**Problem description**
Look through the entries below and count every line in which "bigfont" appears; reply with the number only.

__________________________________________________

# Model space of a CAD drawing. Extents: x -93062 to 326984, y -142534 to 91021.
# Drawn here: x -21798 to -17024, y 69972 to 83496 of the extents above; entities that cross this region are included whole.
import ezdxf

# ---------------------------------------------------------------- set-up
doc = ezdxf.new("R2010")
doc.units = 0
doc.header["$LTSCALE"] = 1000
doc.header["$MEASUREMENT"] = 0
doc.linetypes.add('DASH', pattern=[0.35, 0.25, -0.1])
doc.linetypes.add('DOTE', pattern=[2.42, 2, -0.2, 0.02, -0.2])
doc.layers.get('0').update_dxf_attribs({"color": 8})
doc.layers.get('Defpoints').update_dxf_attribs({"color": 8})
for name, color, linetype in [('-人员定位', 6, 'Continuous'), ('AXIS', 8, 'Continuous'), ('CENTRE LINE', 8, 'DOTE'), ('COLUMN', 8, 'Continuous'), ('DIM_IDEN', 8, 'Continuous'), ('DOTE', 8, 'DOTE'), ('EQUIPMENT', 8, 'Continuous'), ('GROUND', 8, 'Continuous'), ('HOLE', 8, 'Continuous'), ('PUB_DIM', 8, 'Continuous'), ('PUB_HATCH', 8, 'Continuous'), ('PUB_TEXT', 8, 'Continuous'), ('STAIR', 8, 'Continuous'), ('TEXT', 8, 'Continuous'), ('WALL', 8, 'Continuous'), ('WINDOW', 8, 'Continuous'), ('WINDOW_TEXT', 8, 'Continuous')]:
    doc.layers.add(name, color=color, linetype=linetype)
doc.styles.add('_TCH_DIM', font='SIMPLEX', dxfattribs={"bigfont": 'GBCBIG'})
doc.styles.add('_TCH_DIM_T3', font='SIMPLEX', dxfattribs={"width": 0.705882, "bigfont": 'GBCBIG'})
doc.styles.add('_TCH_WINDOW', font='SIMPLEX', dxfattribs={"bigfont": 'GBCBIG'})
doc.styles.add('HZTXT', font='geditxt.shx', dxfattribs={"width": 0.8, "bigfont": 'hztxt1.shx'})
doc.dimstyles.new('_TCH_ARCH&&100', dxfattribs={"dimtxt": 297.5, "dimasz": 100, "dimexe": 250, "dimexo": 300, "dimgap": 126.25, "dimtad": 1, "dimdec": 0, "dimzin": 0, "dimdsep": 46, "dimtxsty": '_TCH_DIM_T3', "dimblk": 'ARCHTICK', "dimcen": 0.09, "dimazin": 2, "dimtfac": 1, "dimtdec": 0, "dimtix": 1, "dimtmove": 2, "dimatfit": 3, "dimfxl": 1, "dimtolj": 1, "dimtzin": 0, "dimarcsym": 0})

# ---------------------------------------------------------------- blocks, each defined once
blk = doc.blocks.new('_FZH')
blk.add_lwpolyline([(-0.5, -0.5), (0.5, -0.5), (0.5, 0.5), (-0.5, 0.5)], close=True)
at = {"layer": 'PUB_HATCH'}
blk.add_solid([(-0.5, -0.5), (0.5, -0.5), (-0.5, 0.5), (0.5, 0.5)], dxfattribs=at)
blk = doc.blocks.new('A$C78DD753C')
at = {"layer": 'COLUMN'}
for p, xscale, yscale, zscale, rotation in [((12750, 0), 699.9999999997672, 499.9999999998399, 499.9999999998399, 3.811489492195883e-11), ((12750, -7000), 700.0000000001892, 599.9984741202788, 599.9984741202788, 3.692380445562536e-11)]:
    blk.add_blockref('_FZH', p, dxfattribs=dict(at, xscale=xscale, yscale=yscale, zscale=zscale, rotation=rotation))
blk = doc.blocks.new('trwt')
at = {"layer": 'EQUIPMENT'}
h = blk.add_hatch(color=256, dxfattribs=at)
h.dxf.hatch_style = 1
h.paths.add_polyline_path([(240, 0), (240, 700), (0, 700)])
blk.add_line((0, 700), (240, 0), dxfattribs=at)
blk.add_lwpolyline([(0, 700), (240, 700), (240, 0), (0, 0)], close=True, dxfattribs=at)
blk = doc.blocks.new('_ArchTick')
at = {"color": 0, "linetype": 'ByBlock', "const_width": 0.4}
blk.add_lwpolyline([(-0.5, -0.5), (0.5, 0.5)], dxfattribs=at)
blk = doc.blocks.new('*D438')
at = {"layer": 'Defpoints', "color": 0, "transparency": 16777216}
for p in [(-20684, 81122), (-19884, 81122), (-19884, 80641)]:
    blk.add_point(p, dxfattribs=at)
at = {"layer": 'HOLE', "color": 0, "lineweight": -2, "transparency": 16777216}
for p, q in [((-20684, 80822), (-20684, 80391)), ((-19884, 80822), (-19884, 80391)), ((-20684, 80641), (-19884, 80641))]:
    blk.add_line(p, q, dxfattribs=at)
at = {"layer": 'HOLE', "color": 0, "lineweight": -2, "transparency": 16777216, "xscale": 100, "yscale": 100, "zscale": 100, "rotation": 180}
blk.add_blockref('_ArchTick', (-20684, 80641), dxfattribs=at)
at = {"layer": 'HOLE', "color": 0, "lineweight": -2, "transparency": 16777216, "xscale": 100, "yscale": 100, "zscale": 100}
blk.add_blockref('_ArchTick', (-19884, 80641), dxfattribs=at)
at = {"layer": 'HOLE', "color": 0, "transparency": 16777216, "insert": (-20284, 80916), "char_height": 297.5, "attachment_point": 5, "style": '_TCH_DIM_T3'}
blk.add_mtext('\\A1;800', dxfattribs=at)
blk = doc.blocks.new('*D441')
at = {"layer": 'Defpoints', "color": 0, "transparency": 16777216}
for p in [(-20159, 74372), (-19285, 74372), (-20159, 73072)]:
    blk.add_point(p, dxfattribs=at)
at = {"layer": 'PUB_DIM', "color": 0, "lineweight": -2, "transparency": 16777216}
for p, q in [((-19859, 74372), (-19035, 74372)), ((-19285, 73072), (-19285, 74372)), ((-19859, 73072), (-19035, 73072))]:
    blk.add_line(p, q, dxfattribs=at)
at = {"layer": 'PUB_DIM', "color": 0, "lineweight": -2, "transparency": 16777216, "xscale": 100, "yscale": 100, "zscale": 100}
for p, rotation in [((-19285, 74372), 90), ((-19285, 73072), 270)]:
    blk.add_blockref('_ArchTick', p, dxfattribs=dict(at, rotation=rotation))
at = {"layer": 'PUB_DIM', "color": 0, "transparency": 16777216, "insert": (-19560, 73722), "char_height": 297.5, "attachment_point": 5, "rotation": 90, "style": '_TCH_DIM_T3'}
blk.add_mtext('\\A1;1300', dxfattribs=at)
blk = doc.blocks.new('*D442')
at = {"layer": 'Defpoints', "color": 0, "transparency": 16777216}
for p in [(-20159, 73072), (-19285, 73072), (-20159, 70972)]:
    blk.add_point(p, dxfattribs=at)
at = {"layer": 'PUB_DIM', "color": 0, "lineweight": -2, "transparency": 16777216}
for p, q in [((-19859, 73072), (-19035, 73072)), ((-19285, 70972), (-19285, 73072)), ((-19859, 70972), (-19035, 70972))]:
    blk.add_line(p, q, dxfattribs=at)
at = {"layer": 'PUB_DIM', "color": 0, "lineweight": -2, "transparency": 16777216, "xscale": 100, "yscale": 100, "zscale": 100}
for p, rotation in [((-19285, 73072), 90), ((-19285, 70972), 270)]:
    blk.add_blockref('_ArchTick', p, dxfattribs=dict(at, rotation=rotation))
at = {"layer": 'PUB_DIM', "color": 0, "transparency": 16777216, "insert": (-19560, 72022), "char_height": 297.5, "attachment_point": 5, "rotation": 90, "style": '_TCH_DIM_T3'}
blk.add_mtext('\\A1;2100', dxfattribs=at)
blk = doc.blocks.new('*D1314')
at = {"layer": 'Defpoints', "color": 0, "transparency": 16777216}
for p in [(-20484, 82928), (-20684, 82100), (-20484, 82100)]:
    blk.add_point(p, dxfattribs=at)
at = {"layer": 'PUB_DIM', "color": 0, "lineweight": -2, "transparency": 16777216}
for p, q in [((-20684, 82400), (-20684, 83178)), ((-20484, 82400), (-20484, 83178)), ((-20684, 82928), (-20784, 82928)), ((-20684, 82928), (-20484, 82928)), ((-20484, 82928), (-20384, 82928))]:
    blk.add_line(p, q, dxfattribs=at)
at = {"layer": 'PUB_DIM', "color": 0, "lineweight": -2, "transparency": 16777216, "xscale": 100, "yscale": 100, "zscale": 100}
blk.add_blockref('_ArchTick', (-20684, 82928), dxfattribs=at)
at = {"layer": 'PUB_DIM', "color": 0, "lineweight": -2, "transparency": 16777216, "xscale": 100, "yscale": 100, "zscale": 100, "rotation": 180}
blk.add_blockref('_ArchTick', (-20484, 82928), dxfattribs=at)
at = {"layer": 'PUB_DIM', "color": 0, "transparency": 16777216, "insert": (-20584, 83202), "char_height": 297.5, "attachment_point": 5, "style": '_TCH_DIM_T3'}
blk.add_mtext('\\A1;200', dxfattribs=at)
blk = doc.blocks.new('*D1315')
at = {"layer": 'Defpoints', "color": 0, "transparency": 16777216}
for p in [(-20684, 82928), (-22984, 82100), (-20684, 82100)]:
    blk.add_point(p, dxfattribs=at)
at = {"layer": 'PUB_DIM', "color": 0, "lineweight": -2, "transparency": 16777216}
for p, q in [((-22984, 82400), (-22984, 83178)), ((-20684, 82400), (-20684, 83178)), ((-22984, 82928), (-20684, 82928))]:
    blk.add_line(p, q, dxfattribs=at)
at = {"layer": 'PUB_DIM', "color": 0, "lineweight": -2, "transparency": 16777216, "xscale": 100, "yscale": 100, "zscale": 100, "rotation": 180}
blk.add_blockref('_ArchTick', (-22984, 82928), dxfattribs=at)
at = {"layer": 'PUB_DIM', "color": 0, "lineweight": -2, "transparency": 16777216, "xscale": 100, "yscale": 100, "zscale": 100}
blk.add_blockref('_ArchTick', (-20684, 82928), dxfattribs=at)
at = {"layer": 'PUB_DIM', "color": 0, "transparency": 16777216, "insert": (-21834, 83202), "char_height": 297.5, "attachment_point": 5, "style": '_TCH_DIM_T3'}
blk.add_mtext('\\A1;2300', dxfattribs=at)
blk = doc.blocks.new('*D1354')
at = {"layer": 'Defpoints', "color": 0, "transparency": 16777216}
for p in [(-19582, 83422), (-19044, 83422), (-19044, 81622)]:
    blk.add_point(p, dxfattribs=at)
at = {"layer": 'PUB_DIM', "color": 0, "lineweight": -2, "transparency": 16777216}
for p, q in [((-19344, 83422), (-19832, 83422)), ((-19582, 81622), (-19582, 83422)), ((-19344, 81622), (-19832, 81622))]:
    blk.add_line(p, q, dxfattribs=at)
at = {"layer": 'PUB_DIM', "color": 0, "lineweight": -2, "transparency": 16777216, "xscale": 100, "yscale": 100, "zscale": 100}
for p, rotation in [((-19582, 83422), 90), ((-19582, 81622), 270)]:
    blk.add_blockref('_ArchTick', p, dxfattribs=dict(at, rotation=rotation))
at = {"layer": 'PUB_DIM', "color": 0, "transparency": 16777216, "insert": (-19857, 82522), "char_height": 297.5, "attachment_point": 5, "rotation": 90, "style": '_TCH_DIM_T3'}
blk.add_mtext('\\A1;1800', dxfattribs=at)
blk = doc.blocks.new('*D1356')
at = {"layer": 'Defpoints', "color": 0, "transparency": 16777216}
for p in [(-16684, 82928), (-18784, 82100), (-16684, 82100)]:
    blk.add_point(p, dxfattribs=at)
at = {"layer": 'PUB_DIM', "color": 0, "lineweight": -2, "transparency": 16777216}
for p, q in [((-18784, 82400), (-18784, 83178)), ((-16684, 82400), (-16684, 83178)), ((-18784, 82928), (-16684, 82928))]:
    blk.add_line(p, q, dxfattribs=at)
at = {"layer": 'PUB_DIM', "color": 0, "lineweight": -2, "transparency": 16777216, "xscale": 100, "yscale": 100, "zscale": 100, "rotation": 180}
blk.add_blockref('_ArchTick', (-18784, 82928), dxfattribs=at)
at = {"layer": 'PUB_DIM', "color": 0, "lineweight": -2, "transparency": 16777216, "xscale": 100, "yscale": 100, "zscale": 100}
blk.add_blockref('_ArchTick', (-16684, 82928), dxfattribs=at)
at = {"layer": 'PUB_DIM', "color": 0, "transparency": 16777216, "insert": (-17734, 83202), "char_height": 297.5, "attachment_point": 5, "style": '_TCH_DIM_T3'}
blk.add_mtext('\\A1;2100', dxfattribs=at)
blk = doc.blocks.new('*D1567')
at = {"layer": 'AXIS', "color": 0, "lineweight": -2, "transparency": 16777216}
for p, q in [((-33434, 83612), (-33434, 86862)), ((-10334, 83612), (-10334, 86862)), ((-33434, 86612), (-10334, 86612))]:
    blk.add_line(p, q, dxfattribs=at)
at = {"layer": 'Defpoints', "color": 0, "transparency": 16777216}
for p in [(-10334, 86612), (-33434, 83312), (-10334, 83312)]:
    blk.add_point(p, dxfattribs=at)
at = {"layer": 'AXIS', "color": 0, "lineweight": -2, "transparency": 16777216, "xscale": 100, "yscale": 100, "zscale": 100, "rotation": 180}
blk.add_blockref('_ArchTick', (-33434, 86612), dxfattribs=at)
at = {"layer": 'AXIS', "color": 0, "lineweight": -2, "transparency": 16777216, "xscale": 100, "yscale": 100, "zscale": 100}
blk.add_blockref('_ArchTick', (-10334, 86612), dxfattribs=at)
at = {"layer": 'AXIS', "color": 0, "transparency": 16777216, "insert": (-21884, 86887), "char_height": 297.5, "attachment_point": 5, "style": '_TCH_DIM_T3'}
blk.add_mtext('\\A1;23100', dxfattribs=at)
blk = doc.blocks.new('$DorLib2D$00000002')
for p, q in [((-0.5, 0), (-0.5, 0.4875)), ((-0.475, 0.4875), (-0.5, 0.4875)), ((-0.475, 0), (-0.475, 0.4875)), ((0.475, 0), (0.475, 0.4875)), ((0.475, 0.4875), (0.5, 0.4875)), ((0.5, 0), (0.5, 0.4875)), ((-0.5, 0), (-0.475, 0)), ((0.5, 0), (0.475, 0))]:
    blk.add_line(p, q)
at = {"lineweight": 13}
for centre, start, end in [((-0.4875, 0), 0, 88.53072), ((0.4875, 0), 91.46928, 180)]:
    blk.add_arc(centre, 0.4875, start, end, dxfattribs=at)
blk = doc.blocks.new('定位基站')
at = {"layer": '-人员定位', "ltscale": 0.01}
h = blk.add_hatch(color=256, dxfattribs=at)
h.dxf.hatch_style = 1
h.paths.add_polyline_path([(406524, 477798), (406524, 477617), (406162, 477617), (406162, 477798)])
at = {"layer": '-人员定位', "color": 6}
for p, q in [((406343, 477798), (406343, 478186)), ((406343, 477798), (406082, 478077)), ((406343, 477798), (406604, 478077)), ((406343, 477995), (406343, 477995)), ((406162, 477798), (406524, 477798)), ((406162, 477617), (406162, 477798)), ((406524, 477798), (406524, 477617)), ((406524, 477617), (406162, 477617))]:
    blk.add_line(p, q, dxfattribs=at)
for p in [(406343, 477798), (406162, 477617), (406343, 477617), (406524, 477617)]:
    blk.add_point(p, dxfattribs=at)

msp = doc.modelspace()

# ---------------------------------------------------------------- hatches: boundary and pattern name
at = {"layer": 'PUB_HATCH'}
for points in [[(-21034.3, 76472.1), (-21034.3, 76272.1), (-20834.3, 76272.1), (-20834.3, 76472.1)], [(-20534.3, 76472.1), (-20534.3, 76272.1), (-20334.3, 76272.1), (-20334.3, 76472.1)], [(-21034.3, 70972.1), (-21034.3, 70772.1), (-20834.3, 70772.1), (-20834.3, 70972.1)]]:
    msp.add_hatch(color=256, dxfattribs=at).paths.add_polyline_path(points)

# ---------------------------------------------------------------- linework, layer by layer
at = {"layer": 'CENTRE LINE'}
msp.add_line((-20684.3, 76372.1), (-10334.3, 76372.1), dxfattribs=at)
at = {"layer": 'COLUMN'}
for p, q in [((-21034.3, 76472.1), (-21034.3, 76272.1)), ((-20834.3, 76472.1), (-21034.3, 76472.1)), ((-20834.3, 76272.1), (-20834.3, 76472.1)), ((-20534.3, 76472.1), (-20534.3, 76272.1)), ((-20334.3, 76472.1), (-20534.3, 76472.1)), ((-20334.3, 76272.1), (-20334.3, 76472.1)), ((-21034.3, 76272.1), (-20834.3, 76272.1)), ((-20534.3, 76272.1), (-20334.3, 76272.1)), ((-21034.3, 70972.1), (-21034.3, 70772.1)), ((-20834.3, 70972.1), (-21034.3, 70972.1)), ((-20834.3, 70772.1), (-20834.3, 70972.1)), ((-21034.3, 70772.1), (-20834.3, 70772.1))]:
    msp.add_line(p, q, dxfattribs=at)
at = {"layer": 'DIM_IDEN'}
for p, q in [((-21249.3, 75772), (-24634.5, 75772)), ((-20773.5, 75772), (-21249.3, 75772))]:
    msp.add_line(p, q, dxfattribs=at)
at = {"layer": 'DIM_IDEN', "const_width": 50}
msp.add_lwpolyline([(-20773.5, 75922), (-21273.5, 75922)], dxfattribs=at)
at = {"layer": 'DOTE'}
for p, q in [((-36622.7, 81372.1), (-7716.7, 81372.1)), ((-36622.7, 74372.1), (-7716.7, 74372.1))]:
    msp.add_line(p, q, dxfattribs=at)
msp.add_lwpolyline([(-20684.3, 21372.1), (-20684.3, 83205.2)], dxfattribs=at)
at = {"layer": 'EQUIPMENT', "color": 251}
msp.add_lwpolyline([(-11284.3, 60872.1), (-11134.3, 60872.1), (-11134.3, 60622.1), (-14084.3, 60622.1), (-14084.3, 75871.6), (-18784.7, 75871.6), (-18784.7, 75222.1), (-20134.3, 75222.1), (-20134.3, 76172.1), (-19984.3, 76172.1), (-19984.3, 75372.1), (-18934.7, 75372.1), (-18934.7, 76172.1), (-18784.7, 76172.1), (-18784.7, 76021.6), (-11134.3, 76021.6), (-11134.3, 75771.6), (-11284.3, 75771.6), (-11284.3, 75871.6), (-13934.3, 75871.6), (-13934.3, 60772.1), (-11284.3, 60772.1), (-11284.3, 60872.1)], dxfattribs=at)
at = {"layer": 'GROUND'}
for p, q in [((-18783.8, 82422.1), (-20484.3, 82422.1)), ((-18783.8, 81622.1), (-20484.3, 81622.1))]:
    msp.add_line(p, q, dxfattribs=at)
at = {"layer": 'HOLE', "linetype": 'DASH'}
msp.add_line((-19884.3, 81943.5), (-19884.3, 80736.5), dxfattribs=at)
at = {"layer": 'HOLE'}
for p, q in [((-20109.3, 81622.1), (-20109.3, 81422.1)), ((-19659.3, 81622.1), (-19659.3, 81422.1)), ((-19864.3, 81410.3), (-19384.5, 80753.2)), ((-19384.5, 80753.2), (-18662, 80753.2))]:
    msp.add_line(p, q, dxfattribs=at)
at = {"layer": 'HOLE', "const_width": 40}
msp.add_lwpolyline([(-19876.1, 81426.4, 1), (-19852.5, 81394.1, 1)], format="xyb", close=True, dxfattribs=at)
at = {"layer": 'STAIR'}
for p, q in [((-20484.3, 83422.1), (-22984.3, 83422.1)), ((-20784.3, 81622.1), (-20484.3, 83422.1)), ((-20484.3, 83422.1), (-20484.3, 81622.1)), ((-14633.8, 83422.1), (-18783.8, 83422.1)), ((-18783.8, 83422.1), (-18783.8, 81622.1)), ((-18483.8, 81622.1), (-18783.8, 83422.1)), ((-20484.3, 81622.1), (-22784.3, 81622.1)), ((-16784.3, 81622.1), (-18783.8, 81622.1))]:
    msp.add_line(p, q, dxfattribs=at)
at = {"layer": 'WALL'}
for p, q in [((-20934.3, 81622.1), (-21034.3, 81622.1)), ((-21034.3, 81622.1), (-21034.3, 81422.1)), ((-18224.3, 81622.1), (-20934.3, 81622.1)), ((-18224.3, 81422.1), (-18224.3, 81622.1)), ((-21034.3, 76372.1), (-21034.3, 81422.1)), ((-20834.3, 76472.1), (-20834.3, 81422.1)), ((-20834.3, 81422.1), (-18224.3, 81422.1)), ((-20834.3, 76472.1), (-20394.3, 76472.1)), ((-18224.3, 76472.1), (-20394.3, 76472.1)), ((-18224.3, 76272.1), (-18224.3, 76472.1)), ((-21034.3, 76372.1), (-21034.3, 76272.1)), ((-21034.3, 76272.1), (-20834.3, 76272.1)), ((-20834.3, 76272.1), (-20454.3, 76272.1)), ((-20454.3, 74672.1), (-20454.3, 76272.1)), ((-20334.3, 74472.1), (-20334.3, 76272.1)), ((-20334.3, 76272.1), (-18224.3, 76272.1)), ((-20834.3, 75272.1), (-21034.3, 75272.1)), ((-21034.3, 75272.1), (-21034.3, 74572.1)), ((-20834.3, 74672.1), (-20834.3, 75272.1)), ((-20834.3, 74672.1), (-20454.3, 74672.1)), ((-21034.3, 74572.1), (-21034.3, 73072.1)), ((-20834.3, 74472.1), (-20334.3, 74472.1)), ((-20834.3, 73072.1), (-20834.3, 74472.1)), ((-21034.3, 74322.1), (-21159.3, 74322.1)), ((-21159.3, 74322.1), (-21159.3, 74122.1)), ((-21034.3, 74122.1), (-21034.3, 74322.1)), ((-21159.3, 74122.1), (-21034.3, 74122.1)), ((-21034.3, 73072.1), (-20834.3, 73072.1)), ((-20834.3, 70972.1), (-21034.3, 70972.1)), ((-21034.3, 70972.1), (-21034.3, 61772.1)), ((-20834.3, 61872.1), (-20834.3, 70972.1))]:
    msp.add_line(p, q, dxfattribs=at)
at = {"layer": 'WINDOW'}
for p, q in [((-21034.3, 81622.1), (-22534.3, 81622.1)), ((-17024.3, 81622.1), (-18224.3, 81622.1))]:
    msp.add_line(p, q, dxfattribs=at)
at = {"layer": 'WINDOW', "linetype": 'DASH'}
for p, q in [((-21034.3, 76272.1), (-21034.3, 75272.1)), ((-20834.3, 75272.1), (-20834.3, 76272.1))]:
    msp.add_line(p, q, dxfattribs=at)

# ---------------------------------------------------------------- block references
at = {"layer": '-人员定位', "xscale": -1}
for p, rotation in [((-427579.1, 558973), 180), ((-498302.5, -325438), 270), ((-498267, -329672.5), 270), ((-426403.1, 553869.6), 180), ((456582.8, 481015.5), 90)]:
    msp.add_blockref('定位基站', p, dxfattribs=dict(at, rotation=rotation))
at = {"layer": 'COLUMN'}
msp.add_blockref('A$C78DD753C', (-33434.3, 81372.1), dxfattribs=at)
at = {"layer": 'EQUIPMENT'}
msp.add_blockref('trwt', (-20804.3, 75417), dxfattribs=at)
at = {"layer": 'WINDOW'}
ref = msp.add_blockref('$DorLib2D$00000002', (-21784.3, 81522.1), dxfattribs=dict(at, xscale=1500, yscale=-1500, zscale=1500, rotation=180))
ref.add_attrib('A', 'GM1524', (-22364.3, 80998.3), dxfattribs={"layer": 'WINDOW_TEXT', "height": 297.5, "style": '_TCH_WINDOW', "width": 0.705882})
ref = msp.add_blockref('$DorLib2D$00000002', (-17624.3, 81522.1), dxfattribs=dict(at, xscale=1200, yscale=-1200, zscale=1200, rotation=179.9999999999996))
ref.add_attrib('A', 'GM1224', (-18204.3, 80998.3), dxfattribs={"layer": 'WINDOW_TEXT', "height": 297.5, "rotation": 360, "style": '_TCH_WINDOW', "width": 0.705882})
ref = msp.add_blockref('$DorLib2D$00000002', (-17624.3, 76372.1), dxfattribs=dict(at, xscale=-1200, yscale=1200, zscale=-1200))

__________________________________________________

**Task answer**
4